Sunday, February 23, 2020

The Age of Innocence

The Age of Innocence / Edith Wharton
NY: Penguin Classics, 1996, c1920.
330 p.

I have been reading a few more classics in the last little while; after greatly enjoying The House of Mirth, I moved on to The Age of Innocence, Wharton's 1920 novel that won the 1921 Pulitzer Prize (the first to be awarded to a woman).

The story follows Newland Archer, who is about to marry the young, beautiful and conventional May Welland. But just as their engagement occurs, May's cousin the Countess Ellen Olenska returns to New York, after fleeing her cruel husband. This scandal threatens to overshadow the Wellands so Archer steps in to help out, and ends up spending quite a bit of time with Ellen. 

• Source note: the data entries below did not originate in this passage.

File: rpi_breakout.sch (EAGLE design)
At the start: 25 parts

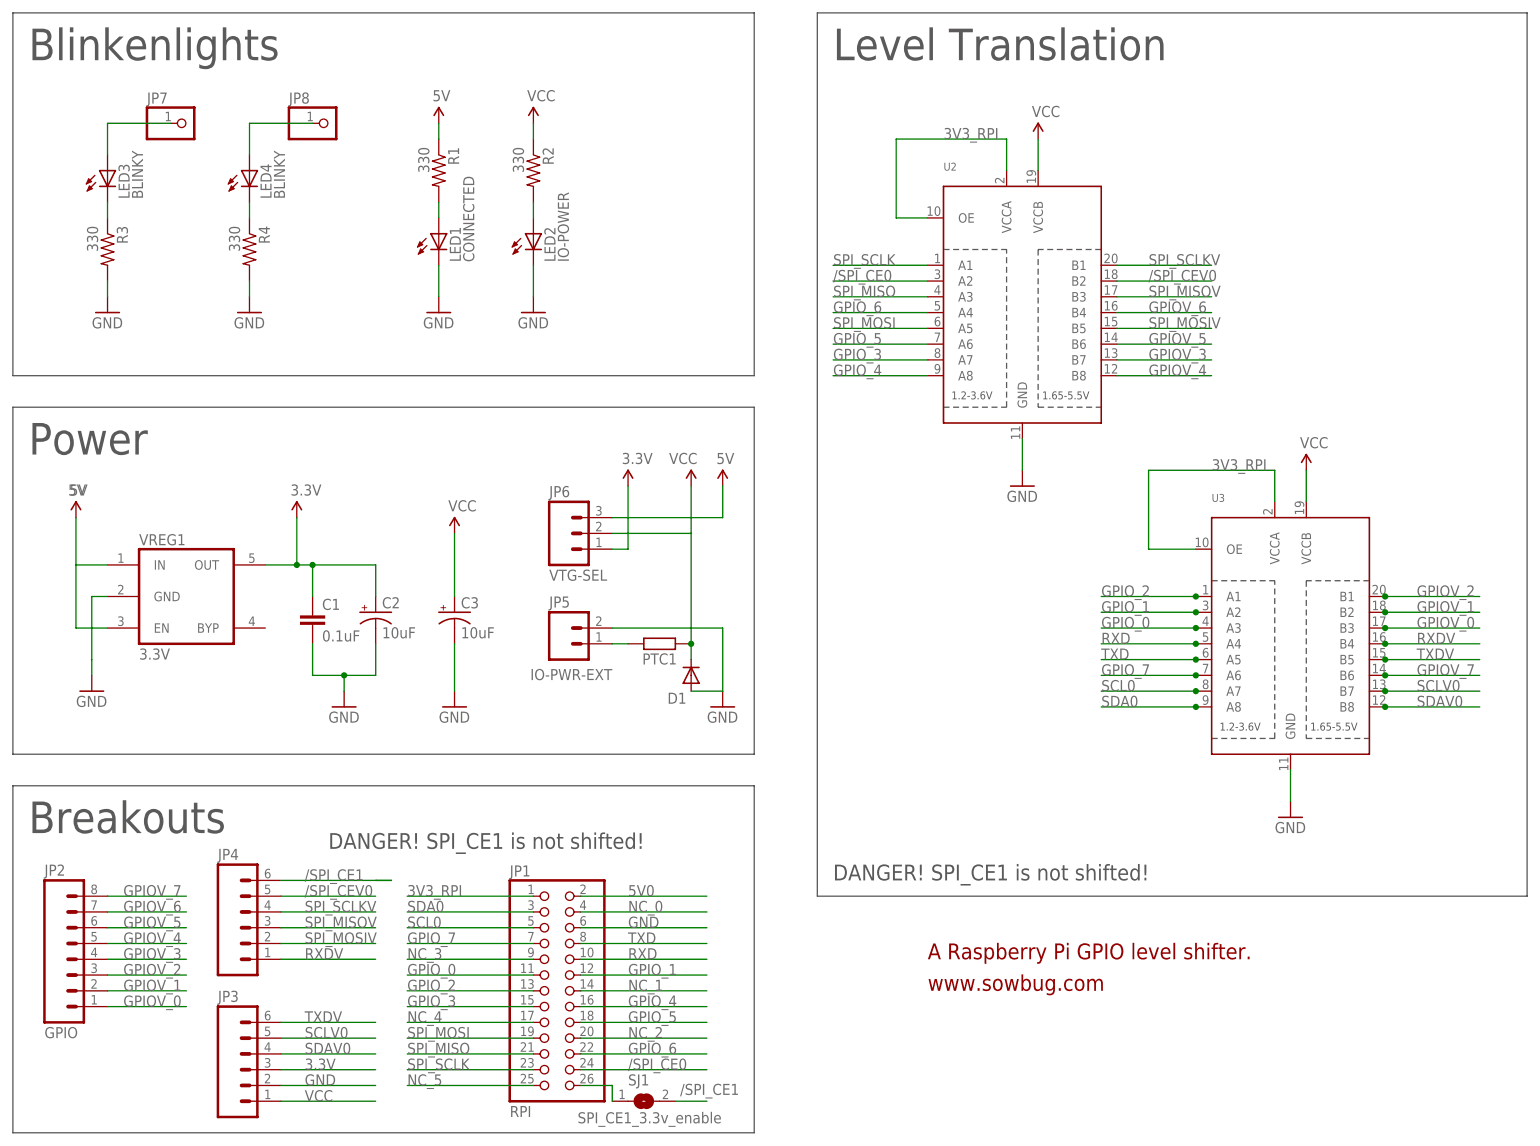
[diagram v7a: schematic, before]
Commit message: SCL/SDA pullup, 4.7K. GPIO labels are back.
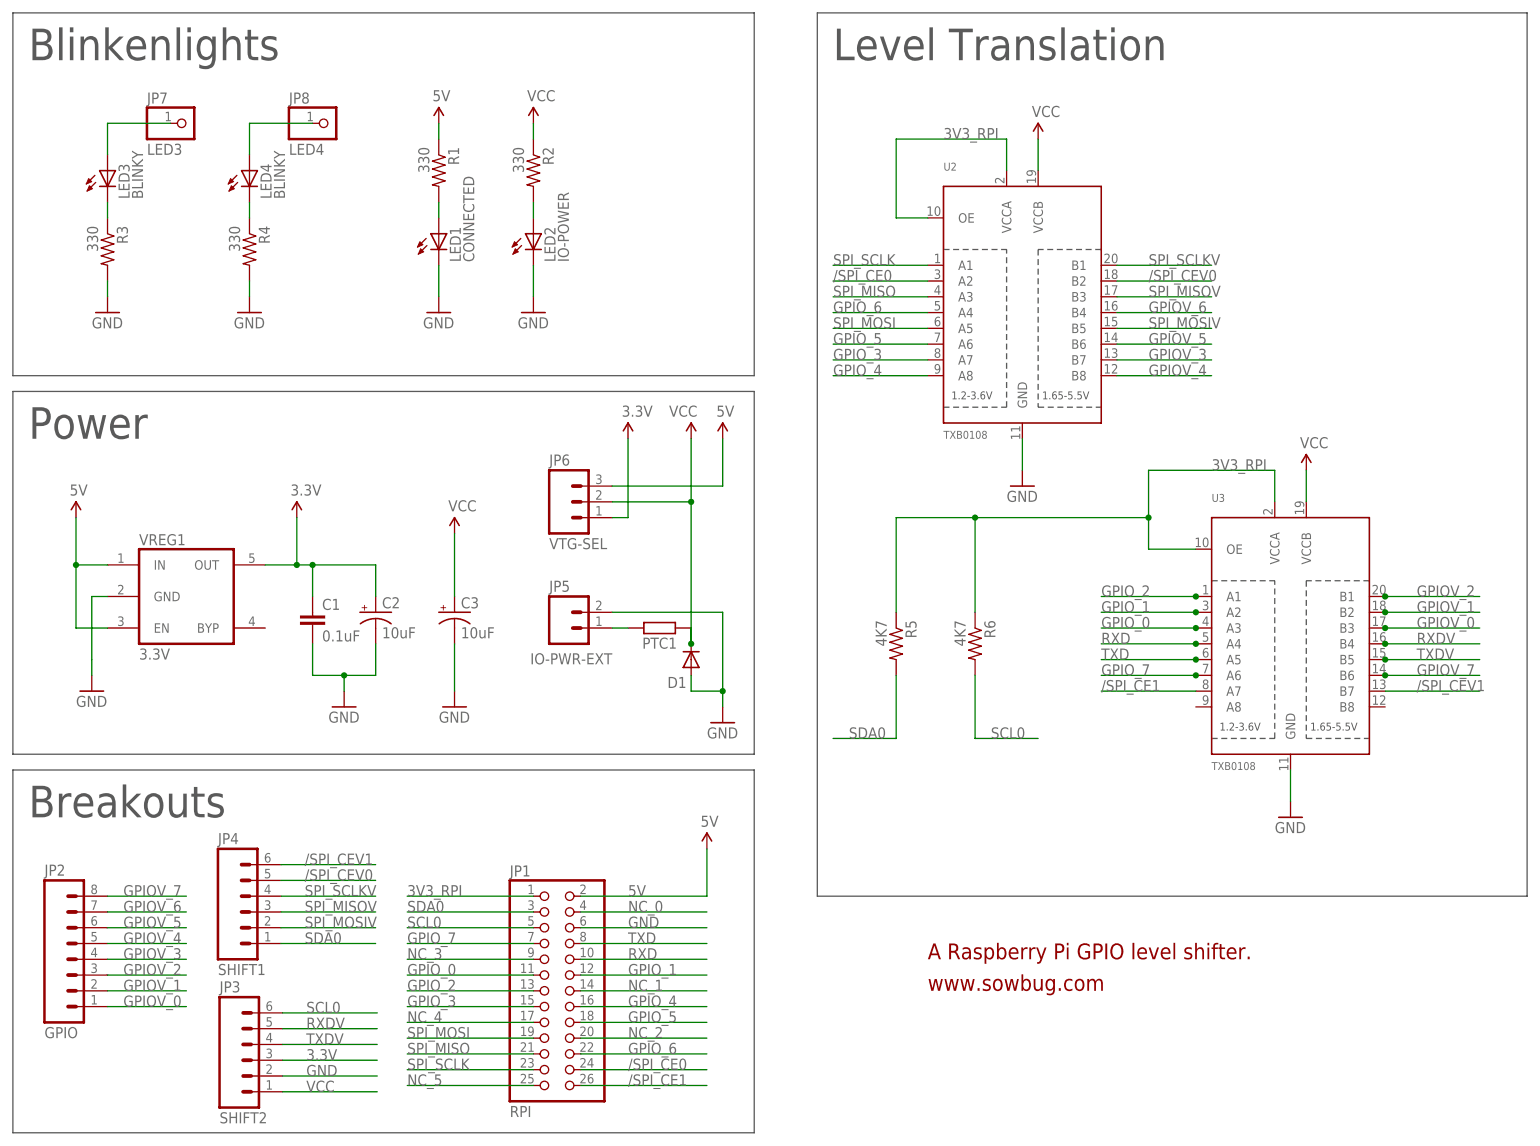
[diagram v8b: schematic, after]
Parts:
- removed SJ1: SPI_CE1_3.3v_enable, jumper:SJ
- added R5, R6: 4K7, SparkFun:RESISTOR0805-RES
- JP3: value (none) -> SHIFT2
- JP4: value (none) -> SHIFT1
- JP7: value (none) -> LED3
- JP8: value (none) -> LED4
- U2, U3: value (none) -> TXB0108
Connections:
- net N$6 renamed VCC_FUSE
- removed net 5V0: JP1.2
- removed net N$5: JP1.26, SJ1.1
- removed net SCLV0: JP3.5, U3.B7
- removed net SDAV0: JP3.4, U3.B8
- new net /SPI_CEV1: JP4.6, U3.B7
- net /SPI_CE1: now also JP1.26, U3.A7; no longer JP4.6, SJ1.2
- net 3V3_RPI: now also R5.1, R6.1
- net 5V: now also JP1.2
- net RXDV: now also JP3.5; no longer JP4.1
- net SCL0: now also JP3.6, R6.2; no longer U3.A7
- net SDA0: now also JP4.1, R5.2; no longer U3.A8
- net TXDV: now also JP3.4; no longer JP3.6
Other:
- note removed: "DANGER! SPI_CE1 is not shifted!"
- moved on the sheet: D1, JP3, JP4, JP5, JP6, PTC1

Her unconventionality, her bohemian tendencies, and her uncertain social status, all appeal to him. She seems to bring a breath of air from outside the very constrained, rule-bound New York society that Newland Archer exists within (and benefits greatly from, it must be said.) Newland conceives a grand passion for Ellen, one that is never consummated, although this doesn't really matter in the end as appeareances are against them. 

The sweet and gentle May, on the other hand, seems like exactly the innocent blank slate that Newland was looking forward to shaping to his tastes. This kind of blankly reared girl, with “the innocence that seals the mind against imagination and the heart against experience” is the ideal of Golden Age New York, and just the kind that men like Newland feel they are entitled to. 

He compares them, and falls in love with Ellen while deprecating May for her lack of worldly knowledge, but when May shows she is not incapable of social manoeuvring, her sudden abilities do not delight Newland but disgust him. He is an inconsistent individual, who -- at least to me -- seems to only see the women in his life as props for his ideal of himself. Even his passion for Ellen is a way to enlarge his vision of himself as different to all the other men in his social strata. 

The grand passion fails; Newland stays within his conventional marriage and retains his social standing, they have children, times change and his long ago love affair seems like something that would be considered tame in the 1920s New York of his children. The Age of Innocence is past, and a nostalgia permeates the book, for a lost age even though it was rigid and unforgiving socially; at least a nostalgia from the older members of society's perspective. Even when Newland is given a chance to meet Ellen again after 30 years, he chooses his memories instead. Heaven forbid that a woman who has lived independently in Paris for 30 years should give him the sense that she hasn't needed him all this time. 

While I enjoyed this book, I found it a little slower going than some of the others. Perhaps because it is from the viewpoint of Newland Archer, who I didn't much like (can you tell?). Wharton's writing is exquisite, piercing, unforgiving -- the characters aren't able to hide from her scrutiny. Nobody is perfect, and her sharp critique of the social rules show that regular people's lives are twisted by "good form" and the expectations of What Is, or Isn't, Done. 

But I didn't love any of the characters here, didn't hope for one result for anyone, didn't engage with their struggles like I did with Lily Bart's in The House of Mirth, for example. This story of lost love is a great exposé of New York hypocrisies, and features fantastic writing with incisive comments on the status of marriage and expectations of women in this age. I just didn't connect with the characters in the same way as some of her other books. Nonetheless it's still a classic with quite a lot to say about the status of women and social expectations, even 100 years later.